Senin, 13 September 2010 00:01 WIB
KEMISKINAN menjadi penyakit yang telah diterima sebagai kewajaran permanen. Sama seperti korupsi, kemiskinan di Indonesia bermutasi sehingga memperoleh kekebalan. Dalam setiap kesempatan, baik sakral maupun formal, kemiskinan mempromosikan dirinya dalam derajat yang ekspansif.
Dalam suasana demokrasi yang mendewakan akuntabilitas dan transparansi, kemiskinan diekspos dan terekspos oleh media sebagai good news. Kematian seorang tunanetra bernama Johni Malela di depan pagar Istana Presiden karena berdesakan untuk bersilaturahim Idul Fitri, dengan harapan mendapat saweran, menjelaskan dengan gamblang bahwa kemiskinan telah memamerkan diri ke pusat-pusat kekuasaan.
Itu disebabkan semakin ke pusat kemiskinan memperoleh penghargaan yang lebih mahal dan lebih patut. Karena itu, tidak mengherankan ketika orang miskin berebut kesempatan mempromosikan diri di Jakarta sebagai ibu kota dan pusat pemerintahan. Setiap musim Lebaran tiba, orang-orang miskin memperoleh momentum untuk berparade memperebutkan saweran.
Kematian Johni tidak perlu diperdebatkan dari sisi pertarungan interes politik dan karena itu dibawa ke aroma politis. Tetapi, itu menegaskan dengan jelas tentang sebuah hal, kemiskinan di Indonesia telah kehilangan batas-batas kepatutan.

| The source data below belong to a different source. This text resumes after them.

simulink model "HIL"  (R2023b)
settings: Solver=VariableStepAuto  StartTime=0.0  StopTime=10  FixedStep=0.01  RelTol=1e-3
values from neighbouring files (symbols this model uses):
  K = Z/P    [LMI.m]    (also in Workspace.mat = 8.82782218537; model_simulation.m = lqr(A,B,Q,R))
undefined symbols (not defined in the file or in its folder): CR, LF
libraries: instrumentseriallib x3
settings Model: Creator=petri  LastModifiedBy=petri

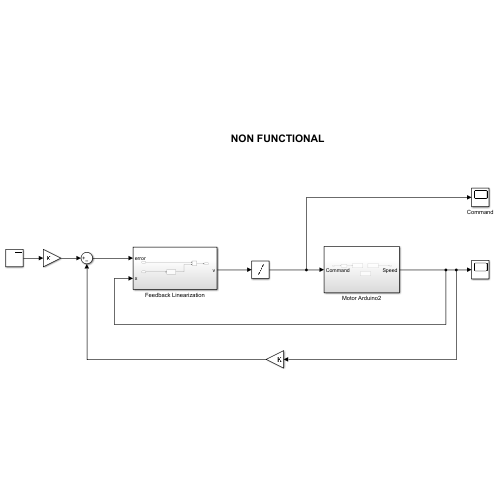
[thumbnail: Simulink's stored preview of the top-level diagram]
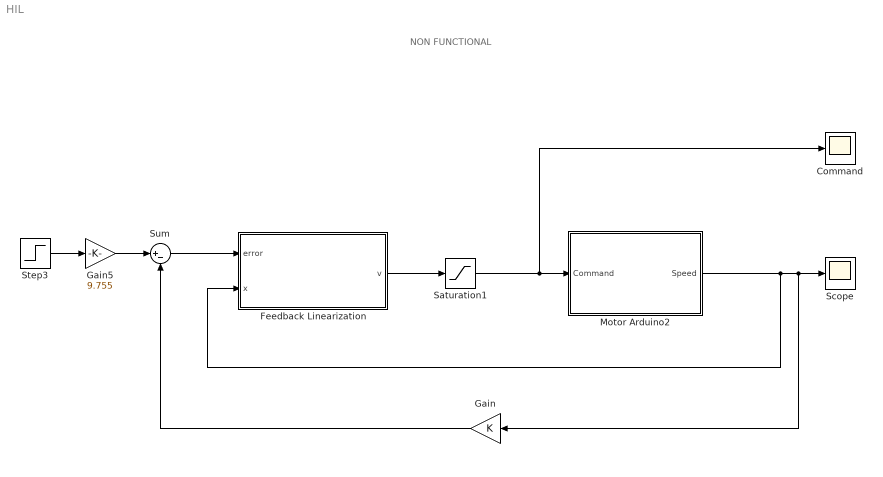
== system HIL ==
  note: NON FUNCTIONAL
  Command : Scope
  Feedback Linearization : Subsystem
  Gain : Gain  Gain=K
  Gain5 : Gain  Gain=9.755
  Motor Arduino2 : Subsystem
  Saturation1 : Saturate  UpperLimit=0.3  LowerLimit=0
  Scope : Scope
  Step3 : Step  Time=0  After=98  SampleTime=0
  Sum : Sum  Inputs=|+-
  wires:
  Sum/1 -> Feedback Linearization/1(error)
  Gain/1 -> Sum/2
  Step3/1 -> Gain5/1
  Gain5/1 -> Sum/1
  Feedback Linearization/1(v) -> Saturation1/1
  Saturation1/1 -> Motor Arduino2/1(Command), Command/1
  Motor Arduino2/1(Speed) -> Feedback Linearization/2(x), Gain/1, Scope/1

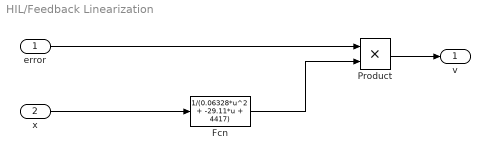
== system HIL/Feedback Linearization ==
  error : Inport
  x : Inport  Port=2
  Fcn : Fcn  Expr=1/(0.06328*u^2 + -29.11*u + 4417)
  Product : Product
  v : Outport
  wires:
  Product/1 -> v/1
  Fcn/1 -> Product/2
  error/1 -> Product/1
  x/1 -> Fcn/1

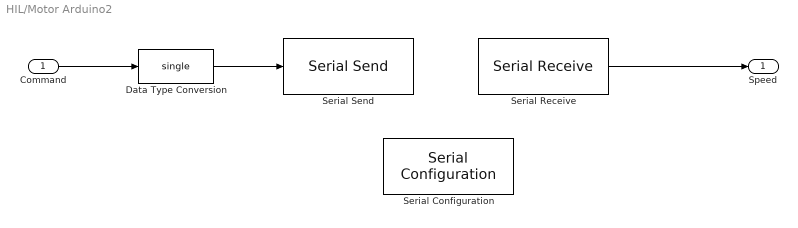
== system HIL/Motor Arduino2 ==
  Command : Inport
  Data Type Conversion : DataTypeConversion  OutDataTypeStr=single  SaturateOnIntegerOverflow=off  RndMeth=Floor
  Serial Configuration : instrumentseriallib/Serial Configuration  Priority=-200000  PortSel=COM3  Port=COM3  ComPort=COM3  BaudRate=115200  DataBits=8  Parity=none  StopBits=1  ByteOrder=little-endian  FlowControl=none  Timeout=10  SimulateUsing=Interpreted execution  BlockInModel=on  aMode=1
  Serial Receive : instrumentseriallib/Serial Receive  Priority=1  PortSel=COM3  Port=COM3  ComPort=COM3  DataType=single  SaveDataType=uint8  ToggleHeader=off  Header=[]  ToggleTerminator=on  Terminator=CR/LF ('\r\n')  CustomTerminator=[]  InputFormat=Column major  ToggleDataSize=on  DataSize=[1 1]  EnableBlockingMode=on  ActionDataUnavailable=Output last received value  ActionWhenDataUnavailable=Output last received value  CustomValue=0  SampleTime=0.01  SimulateUsing=Interpreted execution  BlockInModel=on  aMode=1
  Serial Send : instrumentseriallib/Serial Send  Priority=1  PortSel=COM3  Port=COM3  ComPort=COM3  Header=[]  Terminator=CR/LF ('\r\n')  CustomTerminator=[]  EnableBlockingMode=on  SimulateUsing=Interpreted execution  BlockInModel=on  aMode=1
  Speed : Outport
  wires:
  Serial Receive/1 -> Speed/1
  Data Type Conversion/1 -> Serial Send/1
  Command/1 -> Data Type Conversion/1

Tidak saja orang miskin memamerkan diri secara tidak patut, tetapi menyapa orang miskin dan kemiskinan pun telah kehilangan kepatutan.
Setiap menjelang Lebaran setiap kali itu pula kita menyaksikan tragedi kemiskinan. Tragedi karena orang miskin kehilangan akal sehat dan kepatutan untuk rela mati hanya memperebutkan secangkir beras dan setitik minyak goreng. Dan, tragedi juga ketika orang-orang kaya yang memiliki kerelaan memberi, tetapi dengan gaya menyawer yang haus ekspose.
Kemiskinan akhirnya terlembaga menjadi rezeki di balik malapetaka kemanusiaan. Mereka yang memiliki naluri bisnis mengorganisasi orang miskin dari perdesaan untuk disebar di pusat-pusat keramaian di kota-kota untuk kemudian menerima setoran.
Celakanya, negara pun menganut gaya saweran untuk mengatasi kemiskinan. Program Bantuan Langsung Tunai (BLT) adalah contoh paling sederhana, tetapi sangat jelas tentang gaya ini. Setiap tanggal pembayaran BLT, setiap kali itu pula orang-orang yang mengaku miskin berparade di depan kantor lurah maupun camat atau kantor pos berebut rezeki.
Tetapi, kita masih saja bertengkar tentang pahala dan mudarat BLT. Tidak ada kesepakatan sampai sekarang tentang kepatutan atau ketidakpatutan kebijakan yang beraroma saweran ini.
Karena terhibur oleh saweran, negara sampai sekarang kehilangan akal mengatasi kemiskinan secara substansial. Saweran juga menyebabkan kemiskinan menjadi proyek yang menggiurkan. Karena proyek, muncullah orang-orang yang berpura-pura miskin.
Presiden Susilo Bambang Yudhoyono dengan gampang menjadi sasaran kritik karena politik citra. Tidak semuanya buruk pilihan politik ini. Kita ingin mendorong agar dalam sisa kepemimpinan yang tinggal empat tahun, bisakah SBY menancapkan citranya dengan tekad menghapus parade orang miskin di jalan-jalan di seluruh Indonesia? Kalau mau, pasti bisa.